Appearance
Normalization
Normalization runs before any scoring algorithm. It removes formatting noise so that semantically identical strings match regardless of their presentation.
js
// All of these score 100 with default normalization:
rate('Molière', 'moliere')
rate('Saint-Nazaire', 'saint nazaire')
rate('APPLE INC.', 'apple inc')Normalization is controlled by the normalize option, available on all scoring functions:
js
rate(a, b, { normalize: { ... } })
isMatch(a, b, { normalize: { ... } })Options reference
| Option | Type | Default | Effect |
|---|---|---|---|
caseSensitive | boolean | false | Keep original casing |
removeAccents | boolean | true | é→e, ç→c, ô→o |
removePunctuation | boolean | true | Remove punctuation |
punctuationStrategy | 'space' | 'remove' | 'space' | Replace with space or delete |
trim | boolean | true | Remove leading/trailing whitespace |
collapseWhitespace | boolean | true | Collapse multiple spaces |
replacements | Record<string, string> | {} | Substitute substrings before matching |
removeWords | string[] | [] | Remove stop words entirely |
sortTokens | boolean | false | Sort words alphabetically (order-agnostic) |
caseSensitive
Default: false — strings are lowercased before comparison.
js
rate('Hello', 'hello') // 100
rate('Hello', 'hello', { normalize: { caseSensitive: true } }) // lower scoreOnly disable the default if case is semantically meaningful (e.g., code identifiers).
removeAccents
Default: true — diacritics are stripped.
js
rate('Héloïse', 'heloise') // 100
rate('Ångström', 'angstrom') // 100removePunctuation / punctuationStrategy
Default: remove punctuation, replacing it with a space.
js
rate('Saint-Nazaire', 'saint nazaire') // 100 (hyphen → space)

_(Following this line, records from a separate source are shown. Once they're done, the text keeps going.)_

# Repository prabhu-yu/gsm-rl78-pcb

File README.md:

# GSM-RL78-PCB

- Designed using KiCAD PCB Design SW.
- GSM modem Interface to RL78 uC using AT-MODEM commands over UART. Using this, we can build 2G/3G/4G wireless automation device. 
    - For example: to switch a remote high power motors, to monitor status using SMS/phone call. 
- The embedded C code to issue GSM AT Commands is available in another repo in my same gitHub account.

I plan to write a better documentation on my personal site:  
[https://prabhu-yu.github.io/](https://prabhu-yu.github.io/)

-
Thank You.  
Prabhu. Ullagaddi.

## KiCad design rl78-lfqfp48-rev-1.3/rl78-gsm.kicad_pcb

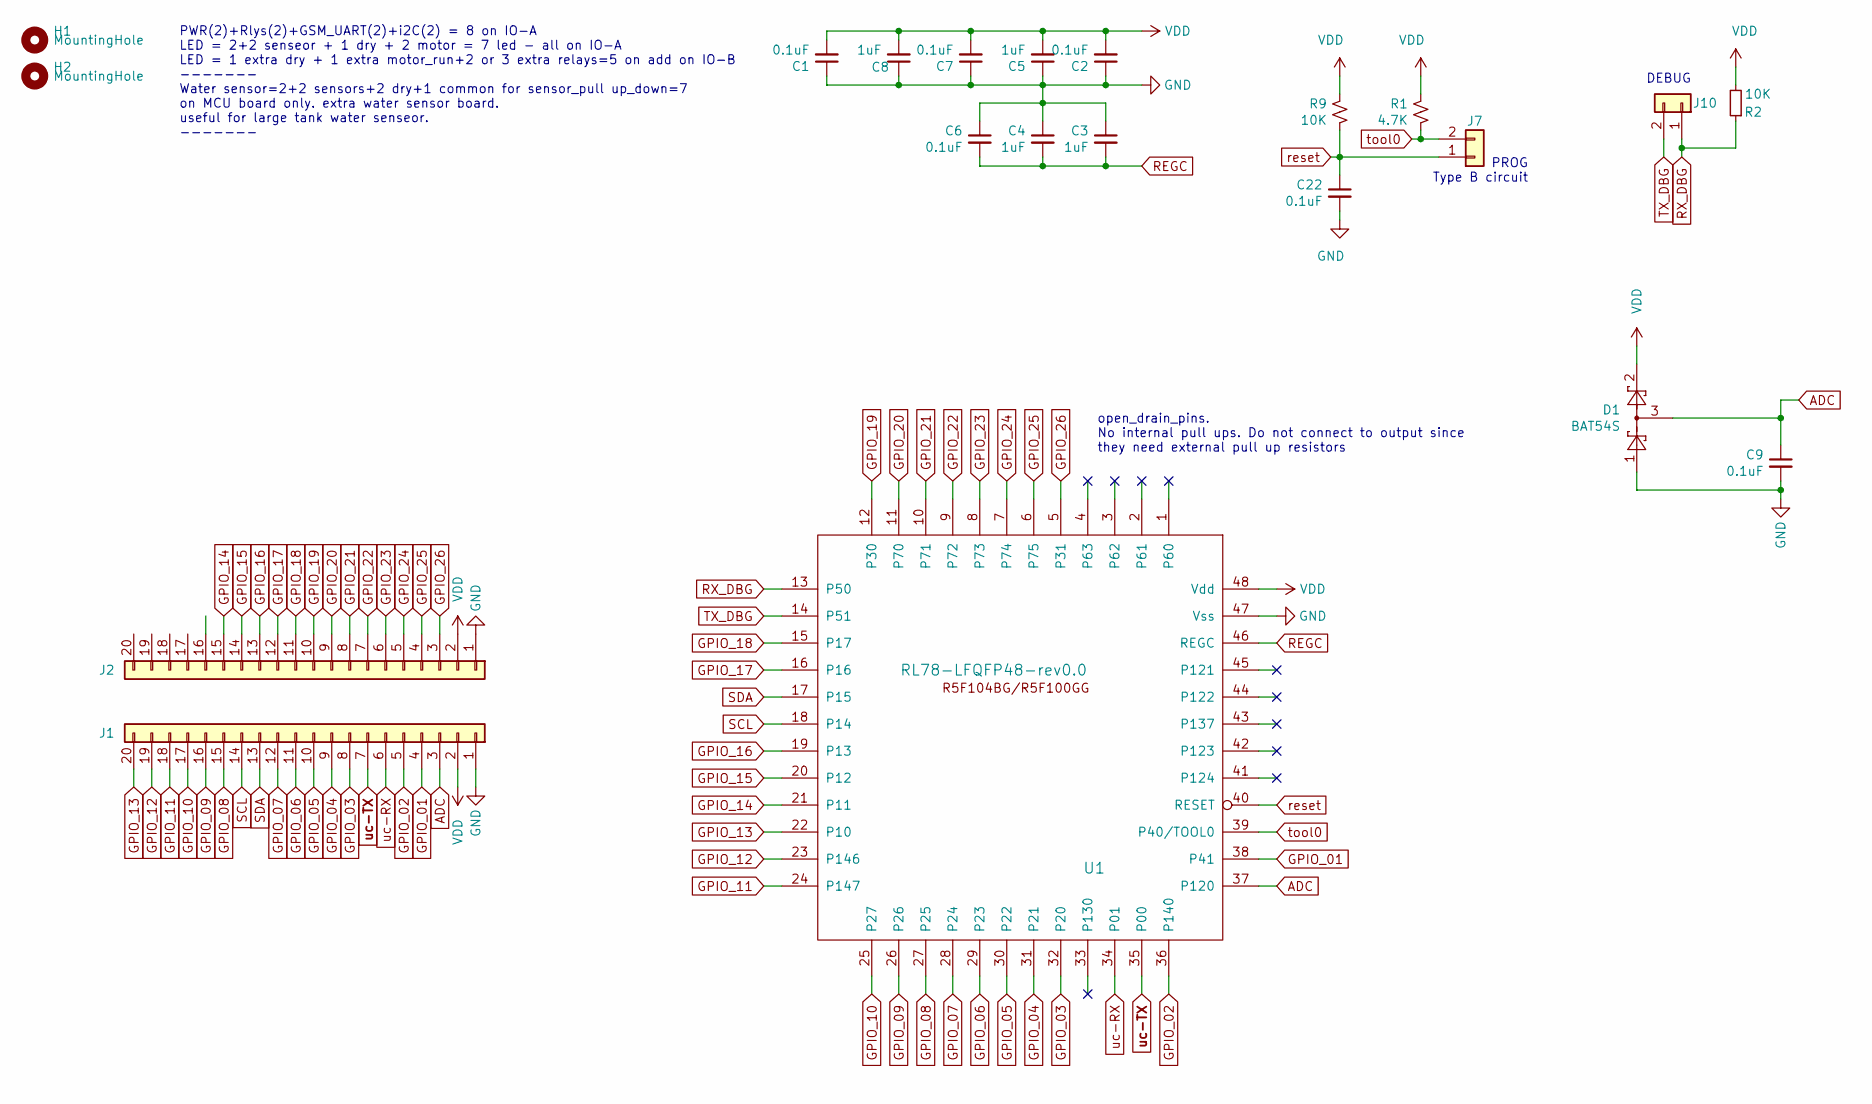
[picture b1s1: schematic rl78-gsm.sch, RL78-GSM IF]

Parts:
C1, C2, C6, C7, C9, C22: 0.1uF; C_1206_3216Metric_Pad1.33x1.80mm_HandSolder
C3, C4, C5, C8: 1uF; C_1206_3216Metric_Pad1.33x1.80mm_HandSolder
D1: BAT54S; SOT-23
H1, H2: MountingHole; MountingHole_4mm
J1, J2: Conn_01x20; PinHeader_1x20_P2.54mm_Vertical
J7, J10: Conn_01x02; PinHeader_1x02_P2.54mm_Vertical
R1: 4.7K; R_1206_3216Metric_Pad1.30x1.75mm_HandSolder
R2, R9: 10K; R_1206_3216Metric_Pad1.30x1.75mm_HandSolder
U1: RL78-LFQFP48-rev0.0; LQFP-48_7x7mm_P0.5mm

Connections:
ADC: C9.1, D1.3, J1.3, U1.37 (P120)
GND: C1.1, C2.1, C3.1, C4.1, C5.1, C6.1, C7.1, C8.1, C9.2, C22.2, D1.1, J1.1, J2.1, U1.47 (Vss)
GPIO_01: J1.4, U1.38 (P41)
GPIO_02: J1.5, U1.36 (P140)
GPIO_03: J1.8, U1.32 (P20)
GPIO_04: J1.9, U1.31 (P21)
GPIO_05: J1.10, U1.30 (P22)
GPIO_06: J1.11, U1.29 (P23)
GPIO_07: J1.12, U1.28 (P24)
GPIO_08: J1.15, U1.27 (P25)
GPIO_09: J1.16, U1.26
GPIO_10: J1.17, U1.25 (P27)
GPIO_11: J1.18, U1.24 (P147)
GPIO_12: J1.19, U1.23 (P146)
GPIO_13: J1.20, U1.22 (P10)
GPIO_14: J2.15, U1.21 (P11)
GPIO_15: J2.14, U1.20 (P12)
GPIO_16: J2.13, U1.19 (P13)
GPIO_17: J2.12, U1.16
GPIO_18: J2.11, U1.15 (P17)
GPIO_19: J2.10, U1.12 (P30)
GPIO_20: J2.9, U1.11 (P70)
GPIO_21: J2.8, U1.10 (P71)
GPIO_22: J2.7, U1.9 (P72)
GPIO_23: J2.6, U1.8 (P73)
GPIO_24: J2.5, U1.7 (P74)
GPIO_25: J2.4, U1.6 (P75)
GPIO_26: J2.3, U1.5 (P31)
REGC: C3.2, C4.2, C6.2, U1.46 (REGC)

rate('hello, world!', 'hello world') // 100punctuationStrategy: 'remove' deletes punctuation entirely (no space replacement). Prefer 'space' for natural language — it preserves word boundaries.
trim / collapseWhitespace
Enabled by default. Strips outer whitespace and collapses runs of spaces.
js
rate(' hello world ', 'hello world') // 100replacements
Substitutes substrings before scoring. Useful for abbreviations, aliases, or known typos.
js
rate('J. Smith', 'John Smith', {
normalize: { replacements: { 'j.': 'john', 'j ': 'john ' } }
}) // 100
rate('NYC', 'New York City', {
normalize: { replacements: { nyc: 'new york city' } }
}) // 100Replacements are case-insensitive after the initial lowercasing step.
removeWords
Removes specific words from both strings before scoring. Useful for stop words or noise tokens.
js
rate('le café de paris', 'café de paris', {
normalize: { removeWords: ['le', 'la', 'les', 'de'] }
}) // 100sortTokens
Sorts all words alphabetically before comparing. Makes word order irrelevant without switching algorithm.
js
rate('Jean Paul Dupont', 'Dupont Jean Paul', {
normalize: { sortTokens: true }
}) // 100This is similar to the tokenSort algorithm, but applied at the normalization level — available to any algorithm including hybrid.
Common presets
Person names
js
{
removeAccents: true,
removePunctuation: true,
sortTokens: true
}Product titles
js
{
removePunctuation: true,
collapseWhitespace: true,
removeWords: ['the', 'a', 'an']
}Strict identifiers (codes, references)
js
{
caseSensitive: true,
removeAccents: false,
removePunctuation: false
}Using normalize() standalone
To inspect normalization output or pre-clean data:
js
import { normalize } from 'guess-rater'
normalize('Héloïse Saint-Exupéry')
// 'heloise saint exupery'
normalize(' APPLE INC. ', { removePunctuation: true, collapseWhitespace: true })
// 'apple inc'Normalization is not "right" or "wrong". It reflects your domain's definition of equivalence. Always test on real data.